Inventing Anna and Ozark, two movies that have attracted global attention for their engaging crime-focused narratives, have lured Netflix subscribers into spending what amounts to be 208 centuries (20,800 years) during their runtime. A major similarity between both shows is the theme of money laundering. A phenomenon governments are grappling with globally. Kenya has featured some interesting news in recent weeks. Does it befit a movie? Well, why not read on.
On July 6, 2022, Kenyan publication, Star.co announced that a Kenyan high court had ordered the freezing of 56 accounts mainly belonging to Nigerian fintech juggernaut, Flutterwave.

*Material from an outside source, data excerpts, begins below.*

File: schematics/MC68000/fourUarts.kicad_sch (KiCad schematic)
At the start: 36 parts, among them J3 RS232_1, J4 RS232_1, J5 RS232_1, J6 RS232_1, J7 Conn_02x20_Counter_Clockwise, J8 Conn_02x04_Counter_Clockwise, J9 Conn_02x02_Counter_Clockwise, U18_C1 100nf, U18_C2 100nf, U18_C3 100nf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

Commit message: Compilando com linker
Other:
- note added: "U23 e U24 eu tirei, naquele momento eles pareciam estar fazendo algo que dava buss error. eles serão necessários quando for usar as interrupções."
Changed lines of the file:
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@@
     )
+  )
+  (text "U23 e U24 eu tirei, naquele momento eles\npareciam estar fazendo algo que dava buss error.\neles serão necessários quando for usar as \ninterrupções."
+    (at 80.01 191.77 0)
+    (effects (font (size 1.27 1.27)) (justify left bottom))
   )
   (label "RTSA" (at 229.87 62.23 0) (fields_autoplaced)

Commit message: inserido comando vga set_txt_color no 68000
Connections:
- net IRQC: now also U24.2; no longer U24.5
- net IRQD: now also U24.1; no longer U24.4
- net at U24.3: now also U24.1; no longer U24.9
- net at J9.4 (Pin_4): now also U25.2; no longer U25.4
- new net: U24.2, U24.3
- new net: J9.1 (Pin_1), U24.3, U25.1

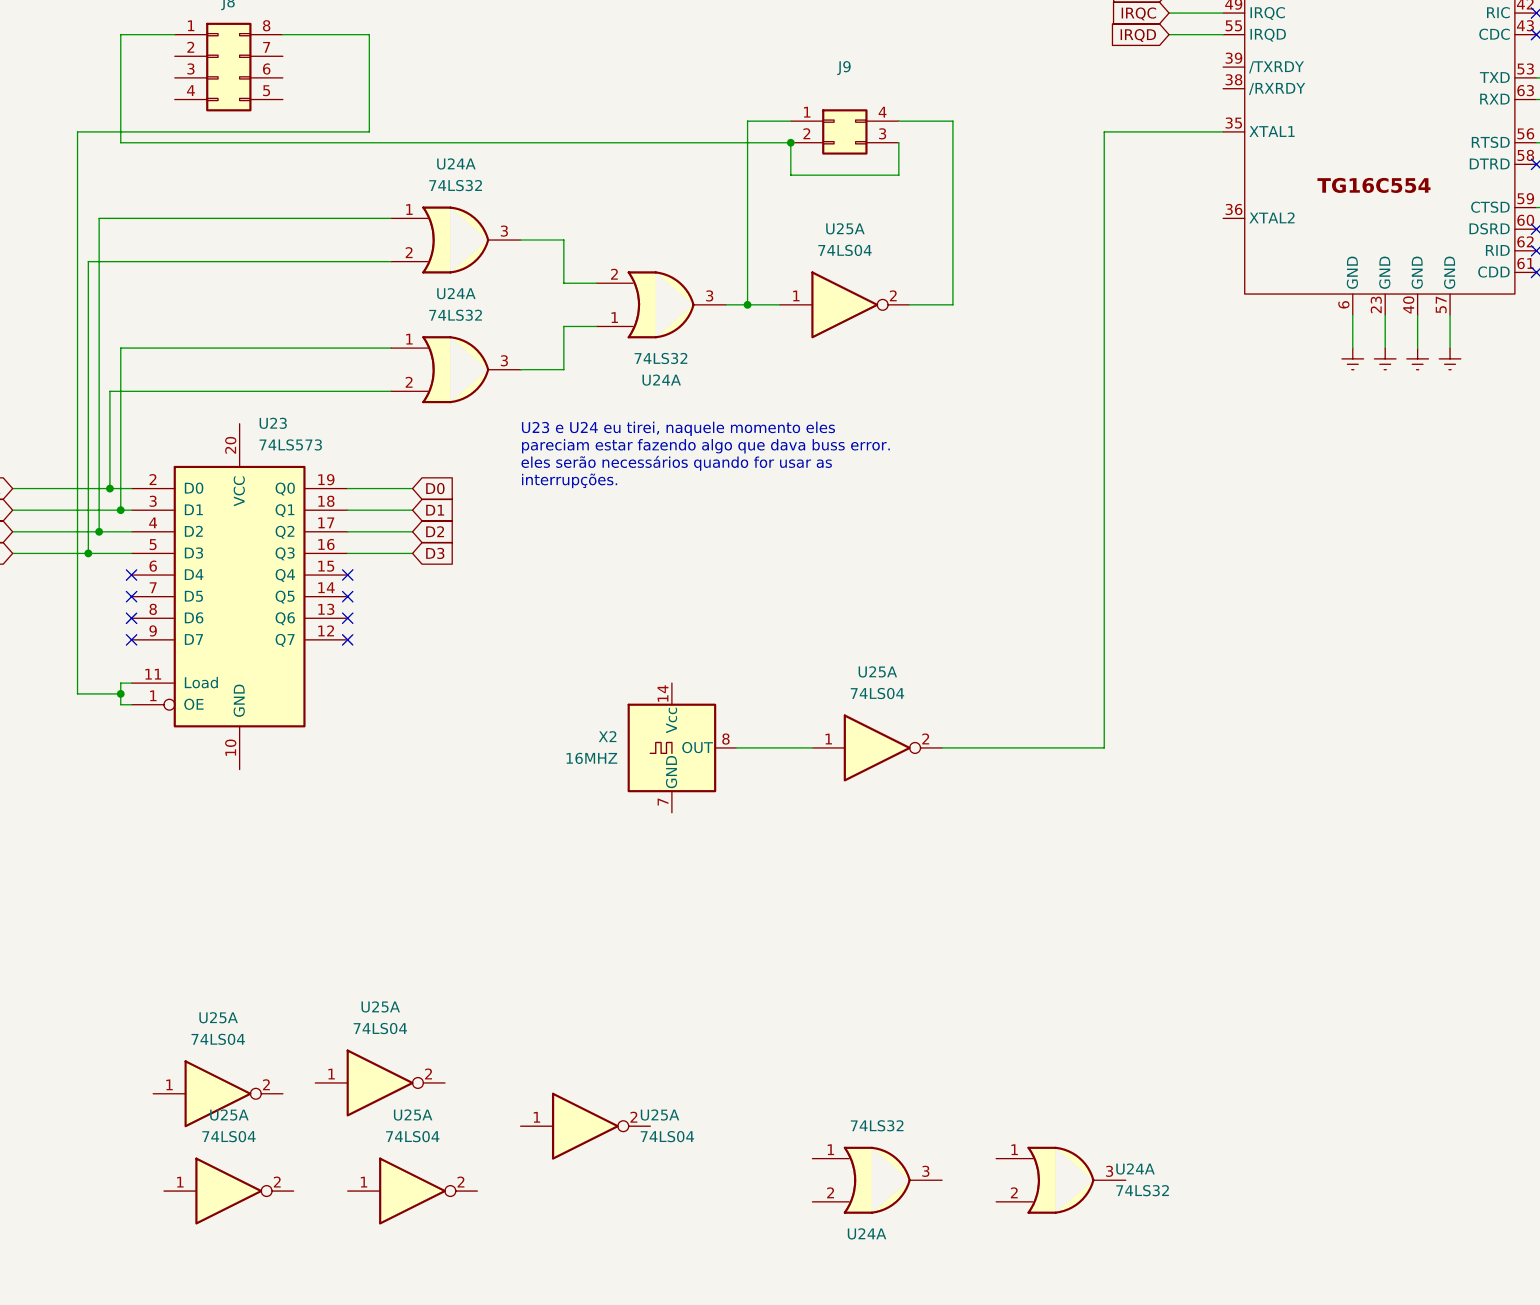
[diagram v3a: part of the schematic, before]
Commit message: fixed uart oscilator in schematic
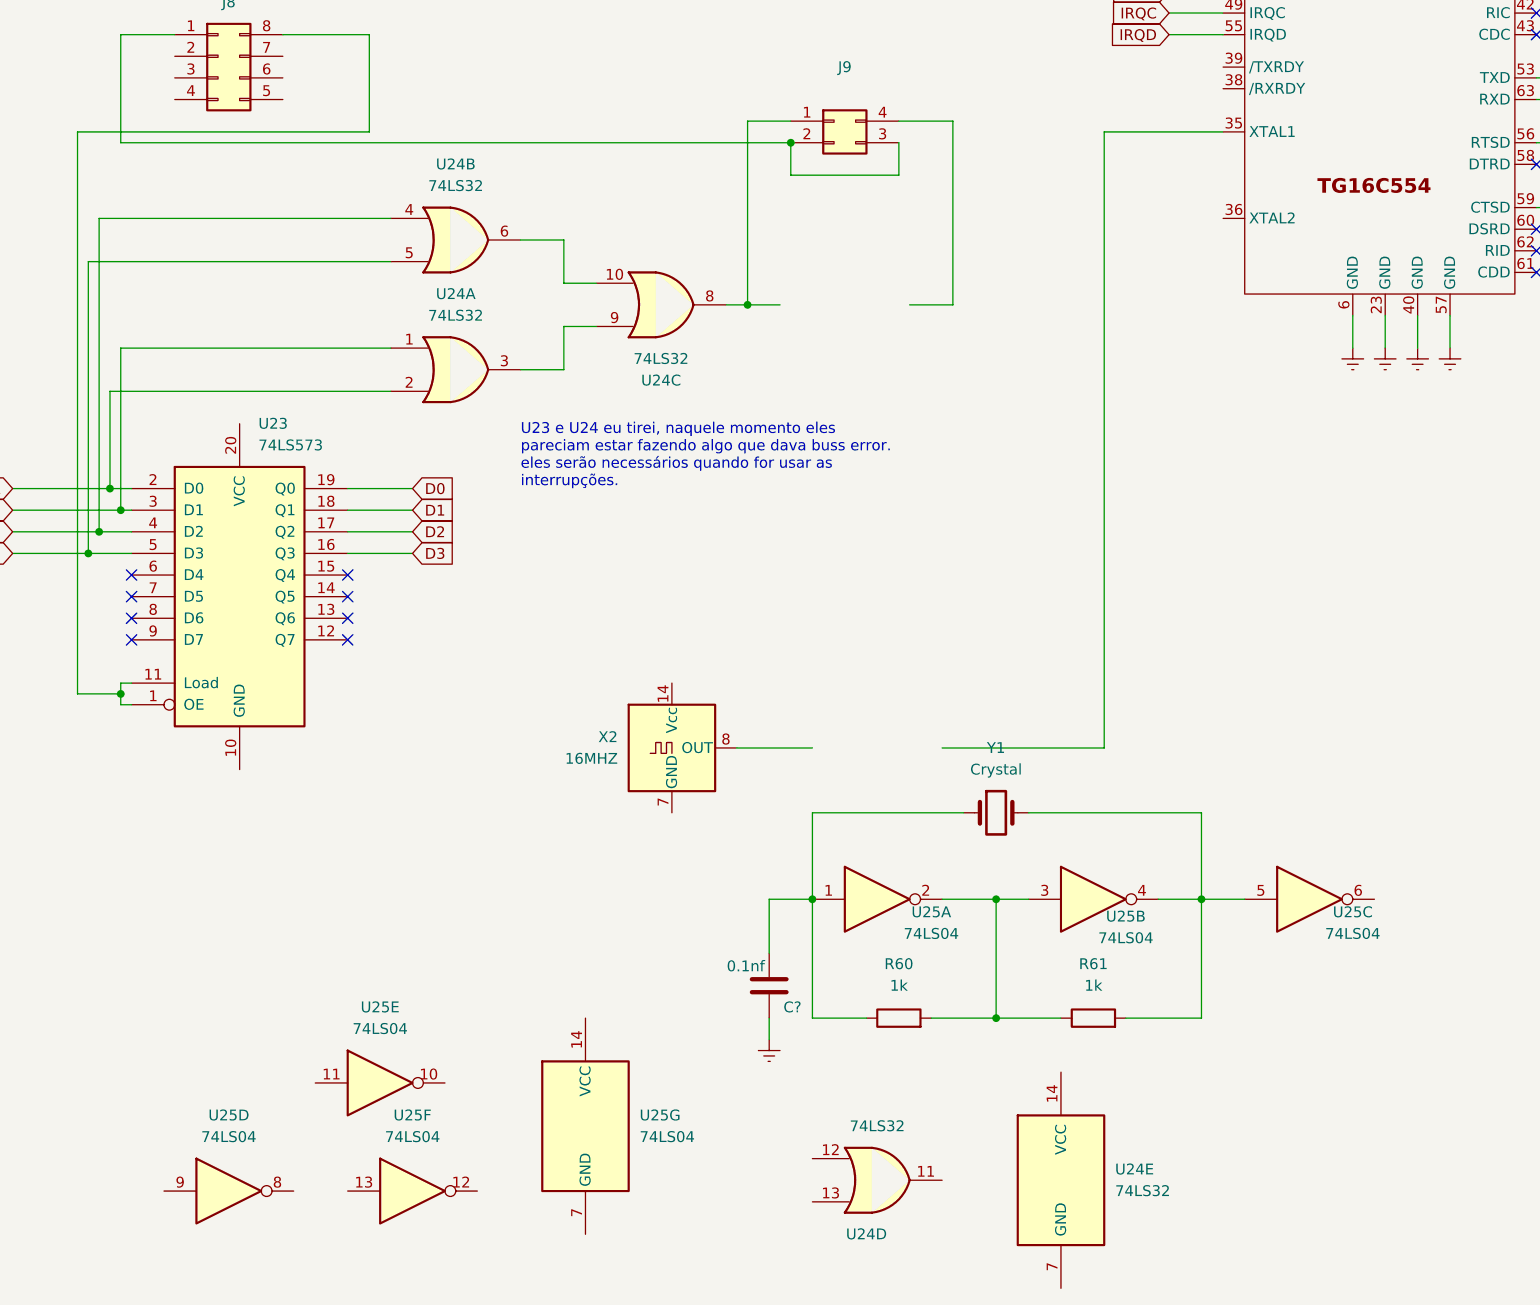
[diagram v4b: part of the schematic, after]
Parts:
- added R60, R61: 1k, symbol Device:R
- added Y1: Crystal, symbol Device:Crystal
- C?: renamed from C8; value 100nf -> 0.1nf
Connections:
- net GNDREF: now also C?.1
- net IRQC: now also U24.5; no longer U24.2
- net IRQD: now also U24.4; no longer U24.1
- net at U24.3: now also U24.9; no longer U24.1
- net at U25.1: now also C?.2, R60.1, Y1.1; no longer X2.8 (OUT)
- net at U25.2: now also U25.3, R60.2, R61.1; no longer U18.35 (XTAL1)
- net at J9.4 (Pin_4): no longer U25.2
- new net: U24.10, U24.6
- new net: J9.1 (Pin_1), U24.8
- new net: R61.2, U25.4, U25.5, Y1.2
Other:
- moved on the sheet: U25A, U25B, U25C

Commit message: updating
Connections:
- net at U25.6: now also U18.35 (XTAL1)
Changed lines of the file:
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@@
+	(wire
+		(pts
+			(xy 185.42 222.25) (xy 185.42 240.03)
+		)
+		(stroke
+			(width 0)
+			(type default)
+		)
+	)
 	(wire
 		(pts
@@
 	(wire
 		(pts
+			(xy 180.34 240.03) (xy 185.42 240.03)
+		)
+		(stroke
+			(width 0)
+			(type default)
+		)
+	)
+	(wire
+		(pts
 			(xy 373.38 95.25) (xy 386.08 95.25)
 		)
@@
 	(wire
 		(pts
-			(xy 129.54 222.25) (xy 148.59 222.25)
-		)
-		(stroke
-			(width 0)
-			(type default)
-		)
-	)
-	(wire
-		(pts
 			(xy 157.48 105.41) (xy 162.56 105.41)
 		)
@@
 		)
 		(stroke
+			(width 0)
+			(type default)
+		)
+	)
+	(wire
+		(pts
+			(xy 148.59 222.25) (xy 185.42 222.25)
+		)
+		(stroke

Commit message: updating
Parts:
- added C?: 0.1nf, symbol Device:C
- C8: renamed from C?; value 0.1nf -> 100nf
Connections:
- net GNDREF: now also C?.1; no longer C8.1
- net at R60.1, U25.1, Y1.1: now also C?.2; no longer C8.2

The decision to freeze these accounts, which had the sum of Ksh7 billion ($59 million) was made after the Asset Recovery Agency of Kenya, (ARA) told the court that the accounts were suspected money laundering conduits.
Huge reactions followed this news, and while things didn’t look good for Flutterwave given its recent run-ins with controversies, the skies were not clear for other Nigerian fintech companies.
On July 14th, 2021, a Kenyan high court again ordered that the accounts of two more Nigerian fintech startups, Korapay and Kandon technologies be frozen with the sum of ksh 45 million ($380,000).
The ARA alleged that both companies siphoned up to $6 billion with the suspicious movement of funds. It also stated that both companies were linked to Flutterwave and the related companies it accused of money laundering.
Both Flutterwave and Korapay have come out to deny these claims in their respective official statements. While Flutterwave stated that the allegations were false, it did not provide further information on the actual realities of the situation.
Korapay, on the other hand, explained that the frozen funds in question were part of the requirements to obtain a payments processing license in Kenya.
However, the issues run deep, and this is not the first time Nigerian companies have been flagged in Kenya. So far, the Kenyan government has frozen $*** billion in funds belonging to Nigerian firms.
First, let’s take a quick detour to understand the space.
Kenya’s battle with money laundering
Money laundering regulations are very strict globally, and the laws constantly need to be updated. According to the UN, about 2- 5% of the world’s GDP 800 billion to $2 trillion is generated from people trying to conceal the origin of illegally obtained funds using foreign banks or legitimate businesses as a front.
A company or its founder could be directly involved in money laundering activities, or customers of financial institutions could take advantage of a loophole to facilitate their criminal process.
As you can already guess, that’s why financial services companies are big on know-your-customer (KYC) requirements when opening an account. The potential for financial losses, organised crime, and terrorism, have made the financial sector one of the most heavily regulated in the world.
While financial services institutions have strict regulations, money laundering still drains an average of $1.6 trillion annually from the global economy.
Traditional finance companies have long struggled to keep up with the dynamism of fraudsters that keep finding creative ways to launder money, but research shows that fintechs have higher risks.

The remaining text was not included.